Coenzyme Q10 might prove helpful in inflammatory conditions in Down syndrome

In every cell in the human body there is a nucleus, where genetic material is stored in the form of genes. Genes carry the codes responsible for all of our inherited traits and are grouped along rod-like structures called chromosomes. The only cells that contain 23 chromosomes are the sperm and ova. The nucleus of each cell contains 46 pairs of chromosomes half inherited from mother and half from father. In certain cases something might go wrong and a baby develops Down syndrome.

Down syndrome occurs when an individual has a full or partial extra copy of chromosome 21.

There are a lot of studies that reported evidence of oxidative stress with kids with Down syndrome. There is a growing interest in the contribution of the immune system in Down syndrome.

A case control study (Zaki, M. et al, 2017) investigated the use of Coenzyme Q10 supplementation in pro-inflammatory markers such as interleukin 6 and tumor necrosis factor α in children with Down syndrome.

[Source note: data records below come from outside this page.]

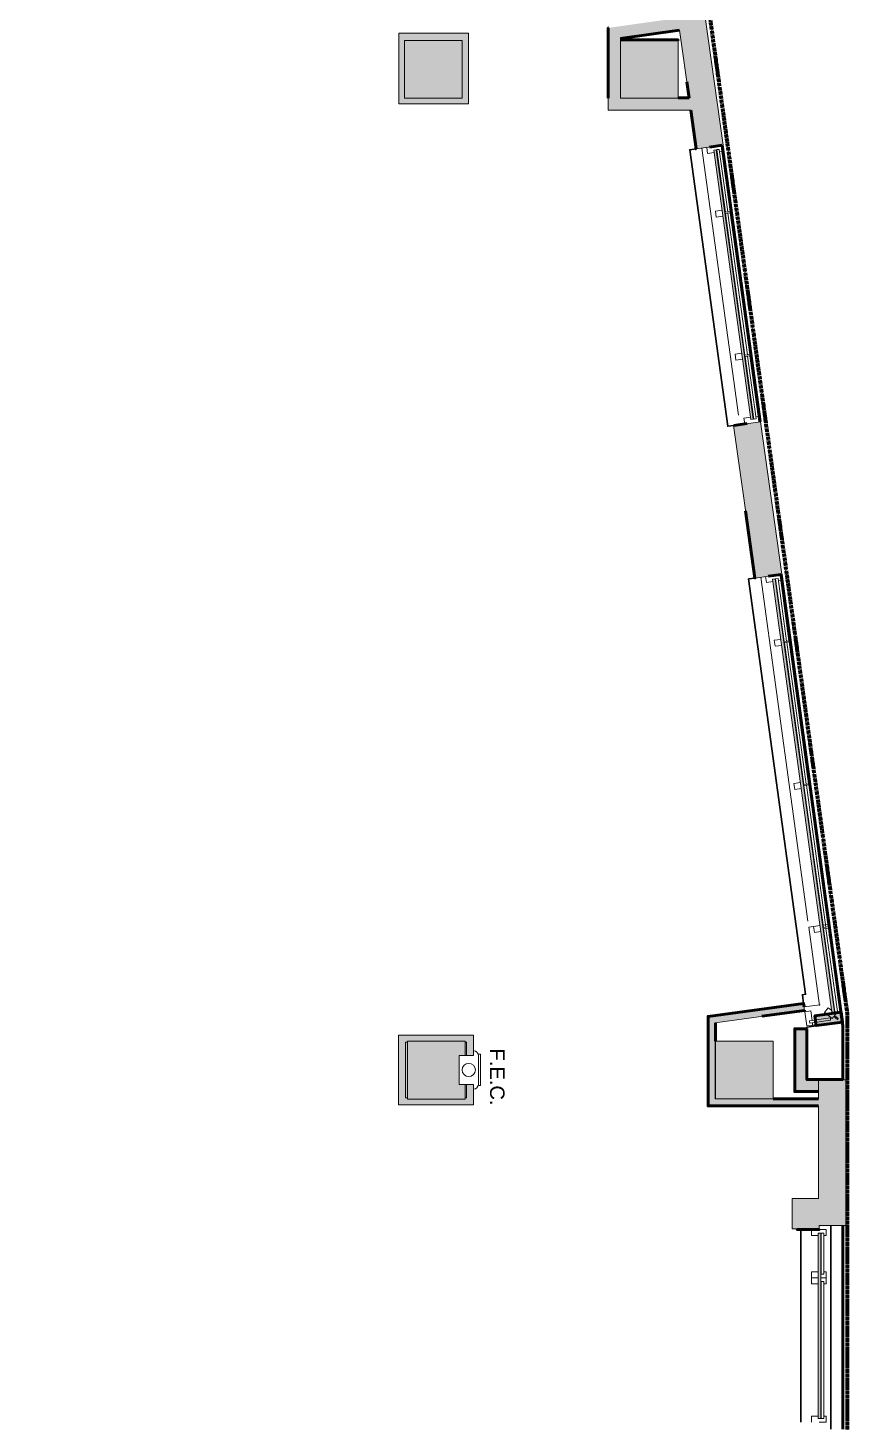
# Model space of a CAD drawing. Header units: inches. Extents: x 842 to 2180, y -10 to 1751.
# Drawn here: x 1840 to 2180, y 385 to 964 of the extents above; entities that cross this region are included whole.
import ezdxf

# ---------------------------------------------------------------- set-up
doc = ezdxf.new("R2010")
doc.units = ezdxf.units.IN
doc.header["$MEASUREMENT"] = 0
doc.linetypes.add('IMPORT-Orbis_BB$0$TI_Grid_E957150$0$PROPERTY _2_', pattern=[1.546875, 1.3125, -0.046875, 0.046875, -0.046875, 0.046875, -0.046875])
for name, color, linetype, lineweight in [('A-ANNO-NOTE', 131, 'Continuous', 13), ('A-GLAZ-CURT', 52, 'Continuous', 13), ('A-WALL-PATT', 111, 'Continuous', 13), ('I-WALL', 2, 'Continuous', 13), ('Orbis - Background_dwg', 8, 'Continuous', 9), ('Orbis_BB$0$A-Flor-Spcl', 7, 'Continuous', 9), ('Orbis_BB$0$A-Glaz-Assm', 250, 'Continuous', 20), ('Orbis_BB$0$A-Glaz-Assm-Blow', 10, 'Continuous', 13), ('Orbis_BB$0$A-Glaz-Assm-Glaz', 250, 'Continuous', 20), ('Orbis_BB$0$A-Wall-Exst', 7, 'Continuous', 9), ('Orbis_BB$0$TI_ARCH-02_E957150$0$A-Wall-Blow', 130, 'Continuous', 30), ('Orbis_BB$0$TI_Grid_E957150$0$C-Prop', 170, 'IMPORT-Orbis_BB$0$TI_Grid_E957150$0$PROPERTY _2_', 70), ('Orbis_BB$0$TI_Grid_E957150$0$S-02-COLS-CONC', 50, 'Continuous', 50), ('Orbis_BB$0$TI_Grid_E957150$0$S-04-COLS-CONC', 50, 'Continuous', 50), ('Orbis_BB$0$TI_Grid_E957150$0$S-05-COLS-CONC', 50, 'Continuous', 50), ('Orbis_BB$0$TI_Grid_E957150$0$S-06-COLS-CONC', 50, 'Continuous', 50), ('Orbis_BB$0$TI_Grid_E957150$0$S-07-COLS-CONC', 50, 'Continuous', 50), ('Orbis_BB$0$TI_Grid_E957150$0$S-08-COLS-CONC', 50, 'Continuous', 50), ('Orbis_BB$0$TI_Grid_E957150$0$S-09-COLS-CONC', 50, 'Continuous', 50), ('Orbis_BB$0$TI_Grid_E957150$0$S-11-COLS-CONC', 50, 'Continuous', 50), ('Orbis_BB$0$TI_Grid_E957150$0$S-12-COLS-CONC', 50, 'Continuous', 50), ('Orbis_BB$0$TI_Grid_E957150$0$S-12-COLS-CONC-PATT', 250, 'Continuous', 20), ('Orbis_BB$0$TI_Grid_E957150$0$S-P1-COLS-CONC', 50, 'Continuous', 50), ('Orbis_BB$0$TI_Grid_E957150$0$S-P2-WALL-CONC', 50, 'Continuous', 50), ('Orbis_BB$0$TI_Grid_E957150$0$S-P4-COLS-CONC', 50, 'Continuous', 50), ('Q-SPCQ', 91, 'Continuous', 13), ('S-COLS', 52, 'Continuous', 13)]:
    doc.layers.add(name, color=color, linetype=linetype, lineweight=lineweight)
doc.styles.add('Arial', font='arial.ttf', dxfattribs={"height": 6})

# ---------------------------------------------------------------- blocks, each defined once
blk = doc.blocks.new('Concrete-Rectangular-Column - 24 x 24-6914337-Level XX  DEMOLITION')
at = {"layer": 'S-COLS', "lineweight": 9}
blk.add_hatch(color=7, dxfattribs=at).paths.add_polyline_path([(-12, -9.46), (-12, -12), (-5.92, -12), (-5.92, -9.46), (6.08, -9.46), (6.08, -12), (12, -12), (12, 12), (-12, 12)], flags=0)
at = {"layer": 'S-COLS', "color": 8, "lineweight": 20}
for p, q in [((12, 12), (-12, 12)), ((-12, 12), (-12, -12)), ((12, -12), (12, 12)), ((-12, -12), (-5.92, -12)), ((6.08, -12), (12, -12))]:
    blk.add_line(p, q, dxfattribs=at)
blk = doc.blocks.new('Concrete-Rectangular-Column - 24 x 24-V1-Level XX  DEMOLITION')
at = {"layer": 'S-COLS', "lineweight": 9}
blk.add_hatch(color=7, dxfattribs=at).paths.add_polyline_path([(12, -12), (12, 12), (-12, 12), (-12, -12)], flags=0)
at = {"layer": 'S-COLS', "color": 8, "lineweight": 20}
for p, q in [((12, 12), (-12, 12)), ((-12, 12), (-12, -12)), ((12, -12), (12, 12)), ((-12, -12), (12, -12))]:
    blk.add_line(p, q, dxfattribs=at)
blk = doc.blocks.new('System Panel - Glazed-7329273-Level XX  DEMOLITION')
at = {"layer": 'A-GLAZ-CURT', "lineweight": 9}
blk.add_hatch(color=7, dxfattribs=at).paths.add_polyline_path([(56.5, -1.75), (56.5, -0.75), (-56.5, -0.75), (-56.5, -1.75), (-29.36, -1.75)], flags=0)
at = {"layer": 'A-GLAZ-CURT', "color": 8, "lineweight": 20}
for p, q in [((56.5, -0.75), (-56.5, -0.75)), ((-56.5, -0.75), (-56.5, -1.75)), ((-56.5, -1.75), (56.5, -1.75)), ((56.5, -1.75), (56.5, -0.75))]:
    blk.add_line(p, q, dxfattribs=at)
blk = doc.blocks.new('System Panel - Glazed-7329274-Level XX  DEMOLITION')
at = {"layer": 'A-GLAZ-CURT', "lineweight": 9}
blk.add_hatch(color=7, dxfattribs=at).paths.add_polyline_path([(90.81, -1.75), (90.81, -0.75), (-90.81, -0.75), (-90.81, -1.75), (1.22, -1.75)], flags=0)
at = {"layer": 'A-GLAZ-CURT', "color": 8, "lineweight": 20}
for p, q in [((90.81, -0.75), (-90.81, -0.75)), ((-90.81, -0.75), (-90.81, -1.75)), ((-90.81, -1.75), (90.81, -1.75)), ((90.81, -1.75), (90.81, -0.75))]:
    blk.add_line(p, q, dxfattribs=at)
blk = doc.blocks.new('System Panel - Glazed-7329275-Level XX  DEMOLITION')
at = {"layer": 'A-GLAZ-CURT', "lineweight": 9}
blk.add_hatch(color=7, dxfattribs=at).paths.add_polyline_path([(38.5, -1.375), (38.5, -0.75), (-38.5, -0.75), (-38.5, -1.75), (38.5, -1.75)], flags=0)
at = {"layer": 'A-GLAZ-CURT', "color": 8, "lineweight": 20}
for p, q in [((38.5, -0.75), (-38.5, -0.75)), ((-38.5, -0.75), (-38.5, -1.75)), ((-38.5, -1.75), (38.5, -1.75)), ((38.5, -1.75), (38.5, -0.75))]:
    blk.add_line(p, q, dxfattribs=at)
blk = doc.blocks.new('A-Recessed_Fire_Extinguisher_Cabinet - A-Recessed_Fire_Extinguisher_Cabinet-7329192-Level XX  DEMOLITION')
at = {"layer": 'Q-SPCQ', "lineweight": 9}
for p, q in [((6, 46.9375), (-6, 46.9375)), ((-8, 44.9375), (-6, 44.9375)), ((-6, 44.9375), (-6, 38.9375)), ((6, 38.9375), (6, 44.9375)), ((6, 44.9375), (8, 44.9375)), ((-6, 38.9375), (6, 38.9375))]:
    blk.add_line(p, q, dxfattribs=at)
for centre, radius, start, end in [((-6, 44.9375), 2, 90, 180), ((6, 44.9375), 2, 360, 90), ((0, 42.9375), 2.75, 0, 180), ((0, 42.9375), 2.75, 180, 360)]:
    blk.add_arc(centre, radius, start, end, dxfattribs=at)
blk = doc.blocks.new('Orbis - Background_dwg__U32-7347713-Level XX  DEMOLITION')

The sample included 86 children, aged 5-8 for a period of 8 months. No acute or chronic illnesses were observed and no therapies or supplements were given to them. The study measured interleukin 6, tumor necrosis factor a, fasting blood glucose, intelligent quotient and coenzyme Q10. The sample was split into two groups of 43 children in each group. Compared with the control group the Down syndrome children showed significant increase in interleukin 6 and tumor necrosis factor α while coenzyme Q10 was significantly lower as well as body mass index and fasting blood glucose. There was a significantly positive correlation between coenzyme Q10 and intelligence quotient levels, as well as between interleukin 6 and tumor necrosis factor α.

Therefore it seems that the use of Coenzyme Q10 as a supplement has an impact on the improvement of neurological symptoms in children with Down syndrome.